Excerpts from a dataset:
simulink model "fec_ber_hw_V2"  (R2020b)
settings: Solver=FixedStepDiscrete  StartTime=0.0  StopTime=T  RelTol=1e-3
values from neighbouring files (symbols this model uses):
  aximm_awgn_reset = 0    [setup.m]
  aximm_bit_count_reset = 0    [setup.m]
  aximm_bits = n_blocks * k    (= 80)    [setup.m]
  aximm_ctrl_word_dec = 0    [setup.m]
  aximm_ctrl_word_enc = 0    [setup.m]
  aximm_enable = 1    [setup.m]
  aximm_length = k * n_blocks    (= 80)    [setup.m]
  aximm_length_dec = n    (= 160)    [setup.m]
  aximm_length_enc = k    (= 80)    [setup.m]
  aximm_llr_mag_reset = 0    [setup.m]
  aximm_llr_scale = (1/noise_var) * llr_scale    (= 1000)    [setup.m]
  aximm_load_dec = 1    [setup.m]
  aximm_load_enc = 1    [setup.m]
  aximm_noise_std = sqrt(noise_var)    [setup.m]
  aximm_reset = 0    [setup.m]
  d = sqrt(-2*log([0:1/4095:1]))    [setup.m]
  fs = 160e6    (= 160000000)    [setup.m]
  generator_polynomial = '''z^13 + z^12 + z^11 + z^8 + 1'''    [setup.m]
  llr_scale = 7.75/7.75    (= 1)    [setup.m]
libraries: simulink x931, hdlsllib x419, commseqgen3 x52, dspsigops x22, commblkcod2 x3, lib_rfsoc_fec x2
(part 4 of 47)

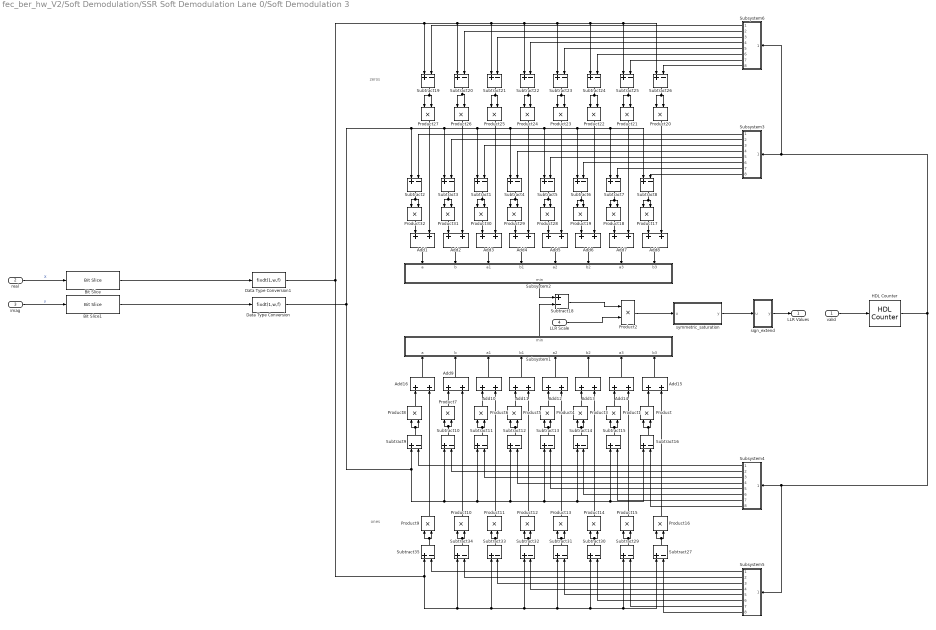
== system fec_ber_hw_V2/Soft Demodulation/SSR Soft Demodulation Lane 0/Soft Demodulation 3 ==
  note: ones
  note: zeros
  valid : Inport
  real : Inport  Port=2
  imag : Inport  Port=3
  LLR Scale : Inport  Port=4
  Add{1..16} (16 alike) : Sum  OutDataTypeStr=fixdt(1,(w+1)*2+1,f*2)  SaturateOnIntegerOverflow=on
  Bit Slice : hdlsllib/Logic and Bit Operations/Bit Slice  lidx=(n*w)-1  ridx=(n-1)*w
      settings: SourceProductBaseCode=SL
  Bit Slice1 : hdlsllib/Logic and Bit Operations/Bit Slice  lidx=(n*w)-1  ridx=(n-1)*w
      settings: SourceProductBaseCode=SL
  Data Type Conversion : DataTypeConversion  OutDataTypeStr=fixdt(1,w,f)  ConvertRealWorld=Stored Integer (SI)
  Data Type Conversion1 : DataTypeConversion  OutDataTypeStr=fixdt(1,w,f)  ConvertRealWorld=Stored Integer (SI)
  HDL Counter : hdlsllib/Sources/HDL Counter  CountType=Count limited  CountInit=0  CountStep=1  CountMax=3  CountFromType=Initial value  CountFrom=0  CountResetPort=off  CountLoadPort=off  CountEnbPort=on  CountDirPort=off  CountDataType=Unsigned  CountWordLen=2  CountFracLen=0  CountSampTime=1/(fs*2)
  Product{,1,3..16} (16 alike) : Product  SaturateOnIntegerOverflow=on
  Product{17..32} (16 alike) : Product
  Product2 : Product  RndMeth=Round  SaturateOnIntegerOverflow=on
  Subsystem1 : Subsystem
  Subsystem2 : Subsystem
  Subsystem3 : Subsystem
  Subsystem4 : Subsystem
  Subsystem5 : Subsystem
  Subsystem6 : Subsystem
  Subtract{1..16,19..27,29..35} (32 alike) : Sum  Inputs=+-  OutDataTypeStr=fixdt(1,w+1,f)  SaturateOnIntegerOverflow=on
  Subtract18 : Sum  Inputs=+-  OutDataTypeStr=fixdt(1,(w+1)*2+2,f*2)  SaturateOnIntegerOverflow=on
  sign_extend : Subsystem
  symmetric_saturation : MATLAB Function  TreatAsAtomicUnit=on
  LLR Values : Outport
  wires:
  Bit Slice/1 -> Data Type Conversion1/1
  Bit Slice1/1 -> Data Type Conversion/1
  Data Type Conversion1/1 -> Subtract27/1, Subtract29/1, Subtract30/1, Subtract31/1, Subtract32/1, Subtract33/1, Subtract34/1, Subtract35/1, Subtract20/1, Subtract26/1, Subtract25/1, Subtract24/1, Subtract23/1, Subtract22/1, Subtract21/1, Subtract19/1
  Data Type Conversion/1 -> Subtract15/1, Subtract16/1, Subtract14/1, Subtract13/1, Subtract12/1, Subtract11/1, Subtract10/1, Subtract9/1, Subtract7/1, Subtract8/1, Subtract6/1, Subtract5/1, Subtract4/1, Subtract1/1, Subtract3/1, Subtract2/1
  sign_extend/1(y) -> LLR Values/1
  Product2/1 -> symmetric_saturation/1(u)
  symmetric_saturation/1(y) -> sign_extend/1(u)
  HDL Counter/1 -> Subsystem3/1(enb), Subsystem6/1(enb), Subsystem4/1(enb), Subsystem5/1(enb)
  valid/1 -> HDL Counter/1
  Subsystem6/8(Out8) -> Subtract26/2
  Subsystem6/7(Out7) -> Subtract25/2
  Subsystem6/6(Out6) -> Subtract24/2
  Subsystem6/5(Out5) -> Subtract23/2
  Subsystem6/4(Out4) -> Subtract22/2
  Subsystem6/3(Out3) -> Subtract21/2
  Subsystem6/2(Out2) -> Subtract20/2
  Subsystem6/1(Out1) -> Subtract19/2
  Subtract6/1 -> Product19/2, Product19/1
  Subtract22/1 -> Product24/2, Product24/1
  Subtract20/1 -> Product26/1, Product26/2
  Subtract7/1 -> Product18/2, Product18/1
  Subtract8/1 -> Product17/1, Product17/2
  Subtract27/1 -> Product16/2, Product16/1
  Subtract29/1 -> Product15/2, Product15/1
  Subtract30/1 -> Product14/2, Product14/1
  Subtract31/1 -> Product13/2, Product13/1
  Subtract32/1 -> Product12/2, Product12/1
  Subtract33/1 -> Product11/2, Product11/1
  Subtract14/1 -> Product3/2, Product3/1
  Subsystem5/5(Out5) -> Subtract31/2
  Subtract16/1 -> Product/1, Product/2
  Add5/1 -> Subsystem2/5(a2)
  Subsystem3/8(Out8) -> Subtract8/2
  Add4/1 -> Subsystem2/4(b1)
  Product11/1 -> Add10/2
  Product29/1 -> Add4/1
  Subsystem4/8(Out8) -> Subtract16/2
  Subsystem4/2(Out2) -> Subtract10/2
  Subsystem5/8(Out8) -> Subtract27/2
  Subsystem5/7(Out7) -> Subtract29/2
  Subtract11/1 -> Product6/1, Product6/2
  Subtract34/1 -> Product10/1, Product10/2
  Product32/1 -> Add1/1
  Subsystem5/1(Out1) -> Subtract35/2
  Subtract12/1 -> Product5/1, Product5/2
  Subsystem3/7(Out7) -> Subtract7/2
  Product16/1 -> Add15/2
  Subsystem4/1(Out1) -> Subtract9/2
  Subsystem5/6(Out6) -> Subtract30/2
  Product24/1 -> Add4/2
  Subtract3/1 -> Product31/2, Product31/1
  Product13/1 -> Add12/2
  Subsystem5/3(Out3) -> Subtract33/2
  Subsystem5/2(Out2) -> Subtract34/2
  Subsystem4/3(Out3) -> Subtract11/2
  Product17/1 -> Add8/1
  Subsystem4/4(Out4) -> Subtract12/2
  Product9/1 -> Add16/2
  Add9/1 -> Subsystem1/2(b)
  Subsystem4/7(Out7) -> Subtract15/2
  Subtract26/1 -> Product20/2, Product20/1
  Subsystem3/3(Out3) -> Subtract1/2
  Product28/1 -> Add5/1
  Product12/1 -> Add11/2
  Product8/1 -> Add16/1
  Product7/1 -> Add9/1
  Subsystem4/5(Out5) -> Subtract13/2
  Subsystem3/4(Out4) -> Subtract4/2
  Product21/1 -> Add7/2
  Subtract25/1 -> Product21/2, Product21/1
  Add6/1 -> Subsystem2/6(b2)
  Add11/1 -> Subsystem1/4(b1)
  Add2/1 -> Subsystem2/2(b)
  Product15/1 -> Add14/2
  Product14/1 -> Add13/2
  Add8/1 -> Subsystem2/8(b3)
  Product27/1 -> Add1/2
  Subsystem3/1(Out1) -> Subtract2/2
  Subtract9/1 -> Product8/1, Product8/2
  Subtract15/1 -> Product1/1, Product1/2
  Subtract23/1 -> Product23/1, Product23/2
  Add14/1 -> Subsystem1/7(a3)
  imag/1 -> Bit Slice1/1  "y"
  Add16/1 -> Subsystem1/1(a)
  Subtract2/1 -> Product32/2, Product32/1
  Subtract5/1 -> Product28/2, Product28/1
  Subtract4/1 -> Product29/1, Product29/2
  Product18/1 -> Add7/1
  Add15/1 -> Subsystem1/8(b3)
  Product30/1 -> Add3/1
  Subsystem3/5(Out5) -> Subtract5/2
  Product31/1 -> Add2/1
  Subtract19/1 -> Product27/2, Product27/1
  Product26/1 -> Add2/2
  Add13/1 -> Subsystem1/6(b2)
  Subsystem3/2(Out2) -> Subtract3/2
  Product22/1 -> Add6/2
  Subsystem1/1(min) -> Subtract18/2
  Product5/1 -> Add11/1
  Subtract18/1 -> Product2/1
  Subsystem4/6(Out6) -> Subtract14/2
  Subtract1/1 -> Product30/2, Product30/1
  Subtract24/1 -> Product22/2, Product22/1
  Add10/1 -> Subsystem1/3(a1)
  LLR Scale/1 -> Product2/2
  Product4/1 -> Add12/1
  Subtract21/1 -> Product25/2, Product25/1
  Product23/1 -> Add5/2
  Add7/1 -> Subsystem2/7(a3)
  Product3/1 -> Add13/1
  Product19/1 -> Add6/1
  Product25/1 -> Add3/2
  real/1 -> Bit Slice/1  "X"
  Subtract35/1 -> Product9/1, Product9/2
  Subtract10/1 -> Product7/1, Product7/2
  Subsystem3/6(Out6) -> Subtract6/2
  Subsystem2/1(min) -> Subtract18/1
  Add3/1 -> Subsystem2/3(a1)
  Product20/1 -> Add8/2
  Add1/1 -> Subsystem2/1(a)
  Product/1 -> Add15/1
  Subtract13/1 -> Product4/2, Product4/1
  Product1/1 -> Add14/1
  Add12/1 -> Subsystem1/5(a2)
  Product10/1 -> Add9/2
  Product6/1 -> Add10/1
  Subsystem5/4(Out4) -> Subtract32/2

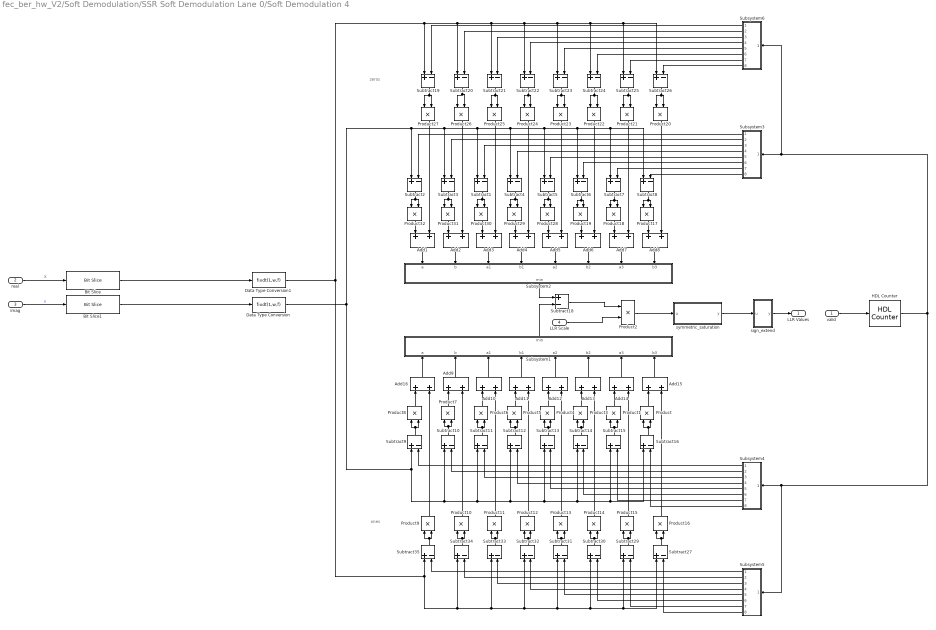
== system fec_ber_hw_V2/Soft Demodulation/SSR Soft Demodulation Lane 0/Soft Demodulation 4 ==
  note: ones
  note: zeros
  valid : Inport
  real : Inport  Port=2
  imag : Inport  Port=3
  LLR Scale : Inport  Port=4
  Add{1..16} (16 alike) : Sum  OutDataTypeStr=fixdt(1,(w+1)*2+1,f*2)  SaturateOnIntegerOverflow=on
  Bit Slice : hdlsllib/Logic and Bit Operations/Bit Slice  lidx=(n*w)-1  ridx=(n-1)*w
      settings: SourceProductBaseCode=SL
  Bit Slice1 : hdlsllib/Logic and Bit Operations/Bit Slice  lidx=(n*w)-1  ridx=(n-1)*w
      settings: SourceProductBaseCode=SL
  Data Type Conversion : DataTypeConversion  OutDataTypeStr=fixdt(1,w,f)  ConvertRealWorld=Stored Integer (SI)
  Data Type Conversion1 : DataTypeConversion  OutDataTypeStr=fixdt(1,w,f)  ConvertRealWorld=Stored Integer (SI)
  HDL Counter : hdlsllib/Sources/HDL Counter  CountType=Count limited  CountInit=0  CountStep=1  CountMax=3  CountFromType=Initial value  CountFrom=0  CountResetPort=off  CountLoadPort=off  CountEnbPort=on  CountDirPort=off  CountDataType=Unsigned  CountWordLen=2  CountFracLen=0  CountSampTime=1/(fs*2)
  Product{,1,3..16} (16 alike) : Product  SaturateOnIntegerOverflow=on
  Product{17..32} (16 alike) : Product
  Product2 : Product  RndMeth=Round  SaturateOnIntegerOverflow=on
  Subsystem1 : Subsystem
  Subsystem2 : Subsystem
  Subsystem3 : Subsystem
  Subsystem4 : Subsystem
  Subsystem5 : Subsystem
  Subsystem6 : Subsystem
  Subtract{1..16,19..27,29..35} (32 alike) : Sum  Inputs=+-  OutDataTypeStr=fixdt(1,w+1,f)  SaturateOnIntegerOverflow=on
  Subtract18 : Sum  Inputs=+-  OutDataTypeStr=fixdt(1,(w+1)*2+2,f*2)  SaturateOnIntegerOverflow=on
  sign_extend : Subsystem
  symmetric_saturation : MATLAB Function  TreatAsAtomicUnit=on
  LLR Values : Outport
  wires:
  Bit Slice/1 -> Data Type Conversion1/1
  Bit Slice1/1 -> Data Type Conversion/1
  Data Type Conversion1/1 -> Subtract27/1, Subtract29/1, Subtract30/1, Subtract31/1, Subtract32/1, Subtract33/1, Subtract34/1, Subtract35/1, Subtract20/1, Subtract26/1, Subtract25/1, Subtract24/1, Subtract23/1, Subtract22/1, Subtract21/1, Subtract19/1
  Data Type Conversion/1 -> Subtract15/1, Subtract16/1, Subtract14/1, Subtract13/1, Subtract12/1, Subtract11/1, Subtract10/1, Subtract9/1, Subtract7/1, Subtract8/1, Subtract6/1, Subtract5/1, Subtract4/1, Subtract1/1, Subtract3/1, Subtract2/1
  sign_extend/1(y) -> LLR Values/1
  Product2/1 -> symmetric_saturation/1(u)
  symmetric_saturation/1(y) -> sign_extend/1(u)
  HDL Counter/1 -> Subsystem3/1(enb), Subsystem6/1(enb), Subsystem4/1(enb), Subsystem5/1(enb)
  valid/1 -> HDL Counter/1
  Subsystem6/8(Out8) -> Subtract26/2
  Subsystem6/7(Out7) -> Subtract25/2
  Subsystem6/6(Out6) -> Subtract24/2
  Subsystem6/5(Out5) -> Subtract23/2
  Subsystem6/4(Out4) -> Subtract22/2
  Subsystem6/3(Out3) -> Subtract21/2
  Subsystem6/2(Out2) -> Subtract20/2
  Subsystem6/1(Out1) -> Subtract19/2
  Subtract6/1 -> Product19/2, Product19/1
  Subtract22/1 -> Product24/2, Product24/1
  Subtract20/1 -> Product26/1, Product26/2
  Subtract7/1 -> Product18/2, Product18/1
  Subtract8/1 -> Product17/1, Product17/2
  Subtract27/1 -> Product16/2, Product16/1
  Subtract29/1 -> Product15/2, Product15/1
  Subtract30/1 -> Product14/2, Product14/1
  Subtract31/1 -> Product13/2, Product13/1
  Subtract32/1 -> Product12/2, Product12/1
  Subtract33/1 -> Product11/2, Product11/1
  Subtract14/1 -> Product3/2, Product3/1
  Subsystem5/5(Out5) -> Subtract31/2
  Subtract16/1 -> Product/1, Product/2
  Add5/1 -> Subsystem2/5(a2)
  Subsystem3/8(Out8) -> Subtract8/2
  Add4/1 -> Subsystem2/4(b1)
  Product11/1 -> Add10/2
  Product29/1 -> Add4/1
  Subsystem4/8(Out8) -> Subtract16/2
  Subsystem4/2(Out2) -> Subtract10/2
  Subsystem5/8(Out8) -> Subtract27/2
  Subsystem5/7(Out7) -> Subtract29/2
  Subtract11/1 -> Product6/1, Product6/2
  Subtract34/1 -> Product10/1, Product10/2
  Product32/1 -> Add1/1
  Subsystem5/1(Out1) -> Subtract35/2
  Subtract12/1 -> Product5/1, Product5/2
  Subsystem3/7(Out7) -> Subtract7/2
  Product16/1 -> Add15/2
  Subsystem4/1(Out1) -> Subtract9/2
  Subsystem5/6(Out6) -> Subtract30/2
  Product24/1 -> Add4/2
  Subtract3/1 -> Product31/2, Product31/1
  Product13/1 -> Add12/2
  Subsystem5/3(Out3) -> Subtract33/2
  Subsystem5/2(Out2) -> Subtract34/2
  Subsystem4/3(Out3) -> Subtract11/2
  Product17/1 -> Add8/1
  Subsystem4/4(Out4) -> Subtract12/2
  Product9/1 -> Add16/2
  Add9/1 -> Subsystem1/2(b)
  Subsystem4/7(Out7) -> Subtract15/2
  Subtract26/1 -> Product20/2, Product20/1
  Subsystem3/3(Out3) -> Subtract1/2
  Product28/1 -> Add5/1
  Product12/1 -> Add11/2
  Product8/1 -> Add16/1
  Product7/1 -> Add9/1
  Subsystem4/5(Out5) -> Subtract13/2
  Subsystem3/4(Out4) -> Subtract4/2
  Product21/1 -> Add7/2
  Subtract25/1 -> Product21/2, Product21/1
  Add6/1 -> Subsystem2/6(b2)
  Add11/1 -> Subsystem1/4(b1)
  Add2/1 -> Subsystem2/2(b)
  Product15/1 -> Add14/2
  Product14/1 -> Add13/2
  Add8/1 -> Subsystem2/8(b3)
  Product27/1 -> Add1/2
  Subsystem3/1(Out1) -> Subtract2/2
  Subtract9/1 -> Product8/1, Product8/2
  Subtract15/1 -> Product1/1, Product1/2
  Subtract23/1 -> Product23/1, Product23/2
  Add14/1 -> Subsystem1/7(a3)
  imag/1 -> Bit Slice1/1  "y"
  Add16/1 -> Subsystem1/1(a)
  Subtract2/1 -> Product32/2, Product32/1
  Subtract5/1 -> Product28/2, Product28/1
  Subtract4/1 -> Product29/1, Product29/2
  Product18/1 -> Add7/1
  Add15/1 -> Subsystem1/8(b3)
  Product30/1 -> Add3/1
  Subsystem3/5(Out5) -> Subtract5/2
  Product31/1 -> Add2/1
  Subtract19/1 -> Product27/2, Product27/1
  Product26/1 -> Add2/2
  Add13/1 -> Subsystem1/6(b2)
  Subsystem3/2(Out2) -> Subtract3/2
  Product22/1 -> Add6/2
  Subsystem1/1(min) -> Subtract18/2
  Product5/1 -> Add11/1
  Subtract18/1 -> Product2/1
  Subsystem4/6(Out6) -> Subtract14/2
  Subtract1/1 -> Product30/2, Product30/1
  Subtract24/1 -> Product22/2, Product22/1
  Add10/1 -> Subsystem1/3(a1)
  LLR Scale/1 -> Product2/2
  Product4/1 -> Add12/1
  Subtract21/1 -> Product25/2, Product25/1
  Product23/1 -> Add5/2
  Add7/1 -> Subsystem2/7(a3)
  Product3/1 -> Add13/1
  Product19/1 -> Add6/1
  Product25/1 -> Add3/2
  real/1 -> Bit Slice/1  "X"
  Subtract35/1 -> Product9/1, Product9/2
  Subtract10/1 -> Product7/1, Product7/2
  Subsystem3/6(Out6) -> Subtract6/2
  Subsystem2/1(min) -> Subtract18/1
  Add3/1 -> Subsystem2/3(a1)
  Product20/1 -> Add8/2
  Add1/1 -> Subsystem2/1(a)
  Product/1 -> Add15/1
  Subtract13/1 -> Product4/2, Product4/1
  Product1/1 -> Add14/1
  Add12/1 -> Subsystem1/5(a2)
  Product10/1 -> Add9/2
  Product6/1 -> Add10/1
  Subsystem5/4(Out4) -> Subtract32/2

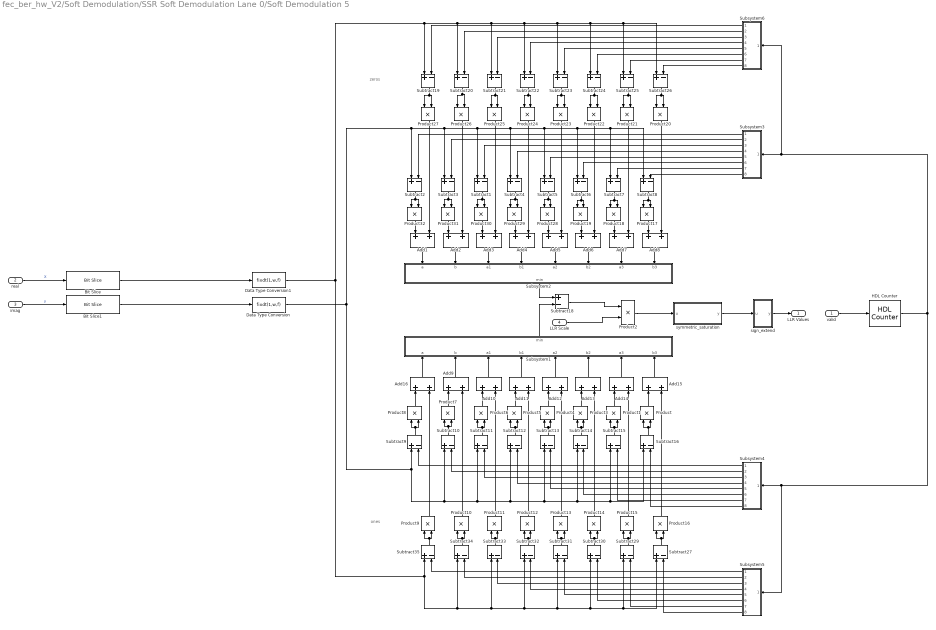
== system fec_ber_hw_V2/Soft Demodulation/SSR Soft Demodulation Lane 0/Soft Demodulation 5 ==
  note: ones
  note: zeros
  valid : Inport
  real : Inport  Port=2
  imag : Inport  Port=3
  LLR Scale : Inport  Port=4
  Add{1..16} (16 alike) : Sum  OutDataTypeStr=fixdt(1,(w+1)*2+1,f*2)  SaturateOnIntegerOverflow=on
  Bit Slice : hdlsllib/Logic and Bit Operations/Bit Slice  lidx=(n*w)-1  ridx=(n-1)*w
      settings: SourceProductBaseCode=SL
  Bit Slice1 : hdlsllib/Logic and Bit Operations/Bit Slice  lidx=(n*w)-1  ridx=(n-1)*w
      settings: SourceProductBaseCode=SL
  Data Type Conversion : DataTypeConversion  OutDataTypeStr=fixdt(1,w,f)  ConvertRealWorld=Stored Integer (SI)
  Data Type Conversion1 : DataTypeConversion  OutDataTypeStr=fixdt(1,w,f)  ConvertRealWorld=Stored Integer (SI)
  HDL Counter : hdlsllib/Sources/HDL Counter  CountType=Count limited  CountInit=0  CountStep=1  CountMax=3  CountFromType=Initial value  CountFrom=0  CountResetPort=off  CountLoadPort=off  CountEnbPort=on  CountDirPort=off  CountDataType=Unsigned  CountWordLen=2  CountFracLen=0  CountSampTime=1/(fs*2)
  Product{,1,3..16} (16 alike) : Product  SaturateOnIntegerOverflow=on
  Product{17..32} (16 alike) : Product
  Product2 : Product  RndMeth=Round  SaturateOnIntegerOverflow=on
  Subsystem1 : Subsystem
  Subsystem2 : Subsystem
  Subsystem3 : Subsystem
  Subsystem4 : Subsystem
  Subsystem5 : Subsystem
  Subsystem6 : Subsystem
  Subtract{1..16,19..27,29..35} (32 alike) : Sum  Inputs=+-  OutDataTypeStr=fixdt(1,w+1,f)  SaturateOnIntegerOverflow=on
  Subtract18 : Sum  Inputs=+-  OutDataTypeStr=fixdt(1,(w+1)*2+2,f*2)  SaturateOnIntegerOverflow=on
  sign_extend : Subsystem
  symmetric_saturation : MATLAB Function  TreatAsAtomicUnit=on
  LLR Values : Outport
  wires:
  Bit Slice/1 -> Data Type Conversion1/1
  Bit Slice1/1 -> Data Type Conversion/1
  Data Type Conversion1/1 -> Subtract27/1, Subtract29/1, Subtract30/1, Subtract31/1, Subtract32/1, Subtract33/1, Subtract34/1, Subtract35/1, Subtract20/1, Subtract26/1, Subtract25/1, Subtract24/1, Subtract23/1, Subtract22/1, Subtract21/1, Subtract19/1
  Data Type Conversion/1 -> Subtract15/1, Subtract16/1, Subtract14/1, Subtract13/1, Subtract12/1, Subtract11/1, Subtract10/1, Subtract9/1, Subtract7/1, Subtract8/1, Subtract6/1, Subtract5/1, Subtract4/1, Subtract1/1, Subtract3/1, Subtract2/1
  sign_extend/1(y) -> LLR Values/1
  Product2/1 -> symmetric_saturation/1(u)
  symmetric_saturation/1(y) -> sign_extend/1(u)
  HDL Counter/1 -> Subsystem3/1(enb), Subsystem6/1(enb), Subsystem4/1(enb), Subsystem5/1(enb)
  valid/1 -> HDL Counter/1
  Subsystem6/8(Out8) -> Subtract26/2
  Subsystem6/7(Out7) -> Subtract25/2
  Subsystem6/6(Out6) -> Subtract24/2
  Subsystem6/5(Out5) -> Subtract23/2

**WHAT NEEDS TO BE DONE**
Report all lines of the data that include the word "Lane".

**TASK SOLUTION**
== system fec_ber_hw_V2/Soft Demodulation/SSR Soft Demodulation Lane 0/Soft Demodulation 3 ==
== system fec_ber_hw_V2/Soft Demodulation/SSR Soft Demodulation Lane 0/Soft Demodulation 4 ==
== system fec_ber_hw_V2/Soft Demodulation/SSR Soft Demodulation Lane 0/Soft Demodulation 5 ==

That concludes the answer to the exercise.